Son dönemlerin en dikkat çekici davalarından biri olan müteahhit skandalında, firari durumdaki müteahhit, mahkemeye dilekçe sundu. Dilekçesinde, aleyhine verilen kararın kaldırılmasını talep eden müteahhit, özellikle kamuoyunun gündeminde olan inşaat projeleri ile ilgili yaşanan hukuki sürecin yeniden değerlendirilmesini istiyor. Firari müteahhit, suçlamaların asılsız olduğunu iddia ederken, mahkeme kararı ile ilgili düşündüklerini dile getirdi. Bu durum, inşaat sektöründe büyük yankı uyandırırken, uzmanlar ve meraklı gözler, müteahhidin bu adımının ardındaki gerçek nedenleri sorguluyor.
Firari müteahhit, mahkemeye sunduğu dilekçesinde, aleyhine çıkan kararın hukuka aykırı olduğunu savundu. Dilekçede “Mahkeme, delillerin eksik değerlendirilmesi nedeniyle haksız bir karar vermiştir. Yıllarca emek verdiğim işlerim ve verdiğim sözler bulunmaktadır. Yaşanan tüm bu süreçlere rağmen hakkımda kamuoyunda oluşturulan olumsuz algı da oldukça yaralayıcıdır” ifadeleri dikkat çekti.
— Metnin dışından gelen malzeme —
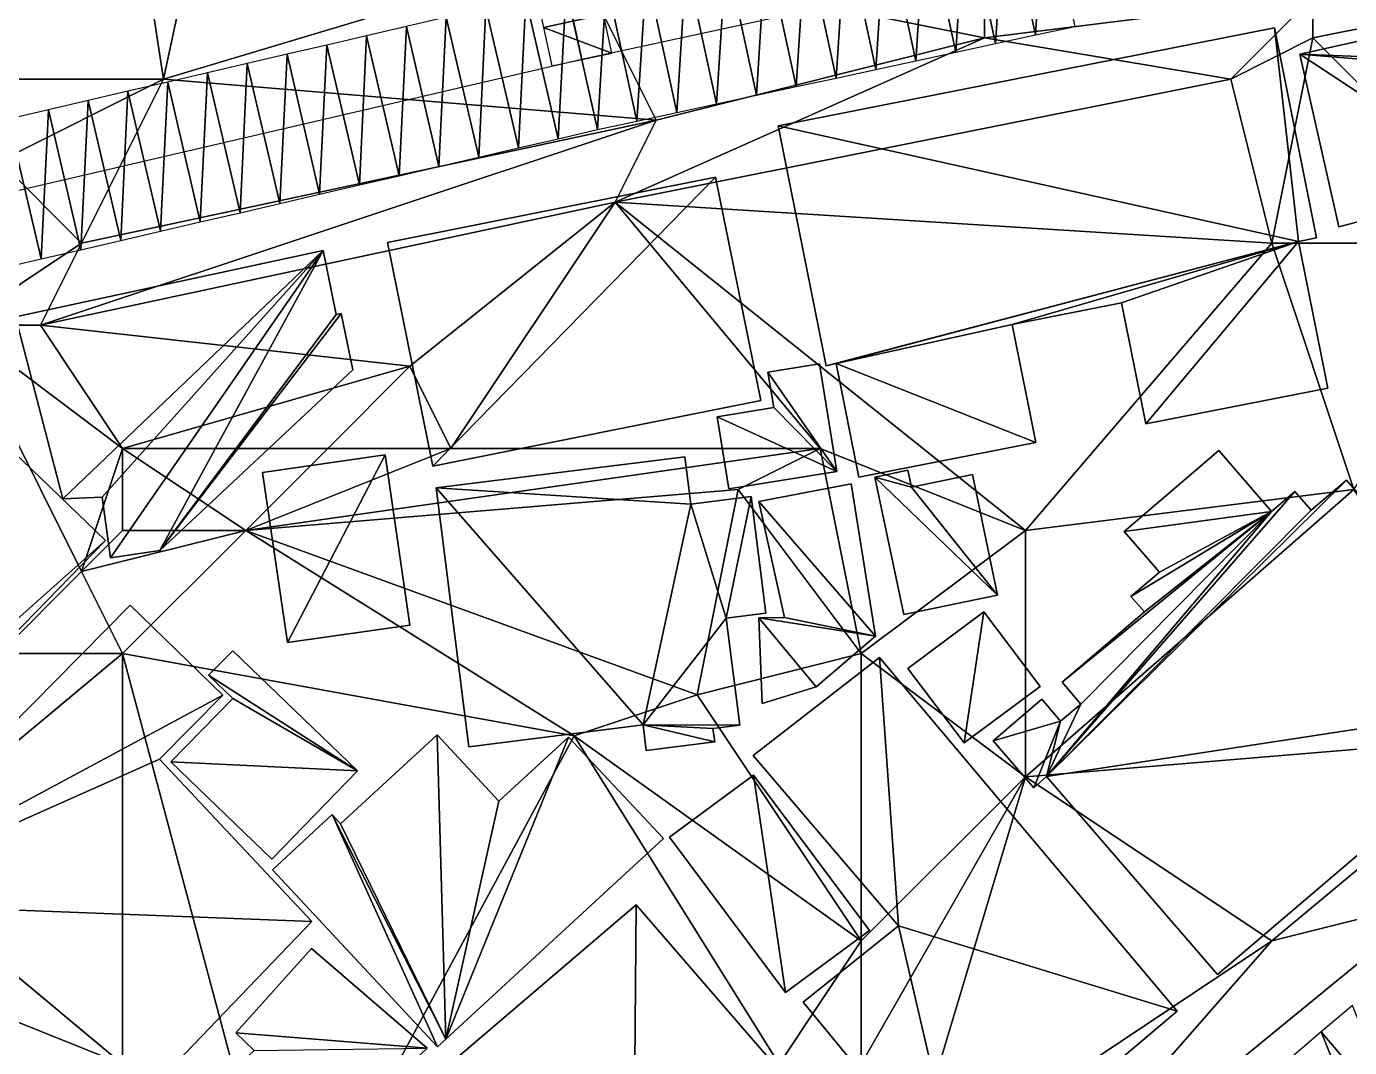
# Model space of a CAD drawing. Header units: metres. Extents: x -1103 to 901, y -902 to 905.
# Drawn here: x -502.7 to -438.2, y 218.8 to 268.6 of the extents above; entities that cross this region are included whole.
import ezdxf

# ---------------------------------------------------------------- set-up
doc = ezdxf.new("R2010")
doc.units = ezdxf.units.M
for name, color, linetype in [('OSM_BUILDING_FOOTPRINTS', 7, 'CONTINUOUS'), ('OSM_BUILDING_ROOFS', 1, 'CONTINUOUS'), ('OSM_BUILDING_WALLS', 8, 'CONTINUOUS'), ('OSM_ROAD_AXES', 2, 'CONTINUOUS'), ('OSM_ROAD_SURFACE', 9, 'CONTINUOUS'), ('OSM_TERRAIN', 3, 'CONTINUOUS')]:
    doc.layers.add(name, color=color, linetype=linetype)

msp = doc.modelspace()

# ---------------------------------------------------------------- linework, layer by layer
at = {"layer": 'OSM_BUILDING_FOOTPRINTS'}
for points in [[(-399.66, 276.318, 11.461), (-395.139, 265.425, 11.461), (-402.833, 260.051, 11.461), (-403.595, 260.891, 11.461), (-403.186, 261.289, 11.461), (-403.85, 262.285, 11.461), (-405.342, 261.212, 11.461), (-403.684, 258.989, 11.461), (-427.527, 239.293, 11.461), (-435.01, 248.228, 11.461), (-425.957, 255.749, 11.461), (-423.802, 253.625, 11.461), (-421.613, 255.472, 11.461), (-422.586, 256.567, 11.461), (-413.898, 263.545, 11.461), (-412.836, 262.716, 11.461), (-411.057, 264.751, 11.461), (-417.877, 263.291, 11.461), (-417.777, 261.743, 11.461), (-430.511, 259.199, 11.461), (-430.953, 260.847, 11.461), (-438.735, 258.79, 11.461), (-440.626, 267.206, 11.461), (-399.66, 276.318, 11.461)], [(-439.266, 250.938, 10.708), (-448.142, 249.19, 10.708), (-449.325, 255.096, 10.708), (-454.653, 254.045, 10.708), (-453.503, 248.295, 10.708), (-462.125, 246.591, 10.708), (-463.23, 252.132, 10.708), (-463.717, 252.032, 10.708), (-466.049, 263.722, 10.708), (-441.864, 268.499, 10.708), (-439.819, 258.259, 10.708), (-440.692, 258.082, 10.708), (-439.266, 250.938, 10.708)], [(-485.084, 258.026, 10.995), (-469.111, 261.222, 10.995), (-466.9, 250.34, 10.995), (-482.873, 247.133, 10.995), (-485.084, 258.026, 10.995)], [(-503.212, 254.41, 10.274), (-488.223, 257.639, 10.274), (-487.593, 254.532, 10.274), (-487.339, 254.576, 10.274), (-486.775, 251.833, 10.274), (-496.182, 243.03, 10.274), (-498.58, 242.665, 10.274), (-499, 245.618, 10.274), (-500.902, 245.54, 10.274), (-503.212, 254.41, 10.274)], [(-509.667, 232.391, 9.962), (-510.463, 233.165, 9.962), (-511.568, 232.015, 9.962), (-524.313, 244.268, 9.962), (-517.305, 251.468, 9.962), (-515.747, 249.964, 9.962), (-513.912, 251.844, 9.962), (-511.845, 249.853, 9.962), (-508.739, 253.049, 9.962), (-498.823, 243.517, 9.962), (-509.667, 232.391, 9.962)], [(-464.037, 252.121, 11.05), (-463.186, 246.879, 11.05), (-468.459, 246.038, 11.05), (-469.023, 249.544, 11.05), (-466.27, 249.986, 11.05), (-466.558, 251.712, 11.05), (-464.037, 252.121, 11.05)], [(-491.174, 246.834, 11.403), (-485.205, 247.686, 11.403), (-484, 239.392, 11.403), (-489.969, 238.54, 11.403), (-491.174, 246.834, 11.403)], [(-481.126, 233.464, 11.274), (-482.718, 246.071, 11.274), (-470.603, 247.587, 11.274), (-470.316, 245.286, 11.274), (-467.376, 245.651, 11.274), (-466.657, 239.967, 11.274), (-468.591, 239.735, 11.274), (-467.928, 234.515, 11.274), (-469.232, 234.349, 11.274), (-469.144, 233.697, 11.274), (-472.482, 233.287, 11.274), (-472.637, 234.526, 11.274), (-481.126, 233.464, 11.274)], [(-444.649, 222.361, 11.183), (-452.972, 232.005, 11.183), (-453.602, 231.463, 11.183), (-455.581, 233.752, 11.183), (-453.204, 235.776, 11.183), (-452.287, 234.714, 11.183), (-451.303, 235.544, 11.183), (-452.221, 236.616, 11.183), (-448.208, 240.034, 11.183), (-448.86, 240.786, 11.183), (-447.468, 241.969, 11.183), (-449.192, 243.959, 11.183), (-444.572, 247.897, 11.183), (-442.007, 244.922, 11.183), (-440.869, 245.895, 11.183), (-440.084, 244.988, 11.183), (-438.359, 246.459, 11.183), (-429.041, 235.665, 11.183), (-444.649, 222.361, 11.183)], [(-459.936, 239.901, 11.042), (-461.34, 246.602, 11.042), (-459.737, 246.934, 11.042), (-459.561, 246.105, 11.042), (-456.587, 246.724, 11.042), (-455.36, 240.852, 11.042), (-459.936, 239.901, 11.042)], [(-466.834, 235.577, 11.073), (-466.989, 239.746, 11.073), (-465.74, 239.768, 11.073), (-466.989, 245.419, 11.073), (-462.501, 246.282, 11.073), (-461.307, 238.85, 11.073), (-464.203, 236.384, 11.073), (-466.834, 235.577, 11.073)], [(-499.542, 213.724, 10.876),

Müteahhitin avukatı da, müvekkilinin masumiyetine vurgu yaparak, karara itiraz ettiklerini belirtti.
Mahkeme sürecinin ne yönde gelişeceği, bu gelişmelerin inşaat sektöründeki diğer müteahhitler üzerinde nasıl bir etki yaratacağı ise merak konusu. Uzmanlar, firari müteahhitin dilekçesindeki iddiaların dikkate alınması durumunda, davanın seyrinin değişebileceğini ifade ediyor. Bununla birlikte, müteahhitin firar etmesi, ayrı bir hukuki mesele olarak gündemde kalmayı sürdürüyor. İnşaat sektörü uzmanları, bu gibi durumların toplumda güven kaybına neden olduğunu ve sektörün geleceğini olumsuz etkilediğini belirtiyor. Müteahhitin karara yaptığı bu itirazın, mahkemece kabul edilip edilmeyeceği ise ilerleyen günlerde netlik kazanacak.
Tüm bu yaşananlar ışığında, firari müteahhit ve avukatının stratejileri, hem mahkeme hem de kamuoyunda yankı uyandırırken, davanın gidişatı merakla bekleniyor. Davanın seyri, yalnızca müteahhitin geleceğini etkilemekle kalmayacak, aynı zamanda inşaat projeleri anlayışını da sorgulatacak gibi görünüyor. Socio-ekonomik boyutları da olan bu durum, sektör açısından ciddi sonuçlar doğurabilir.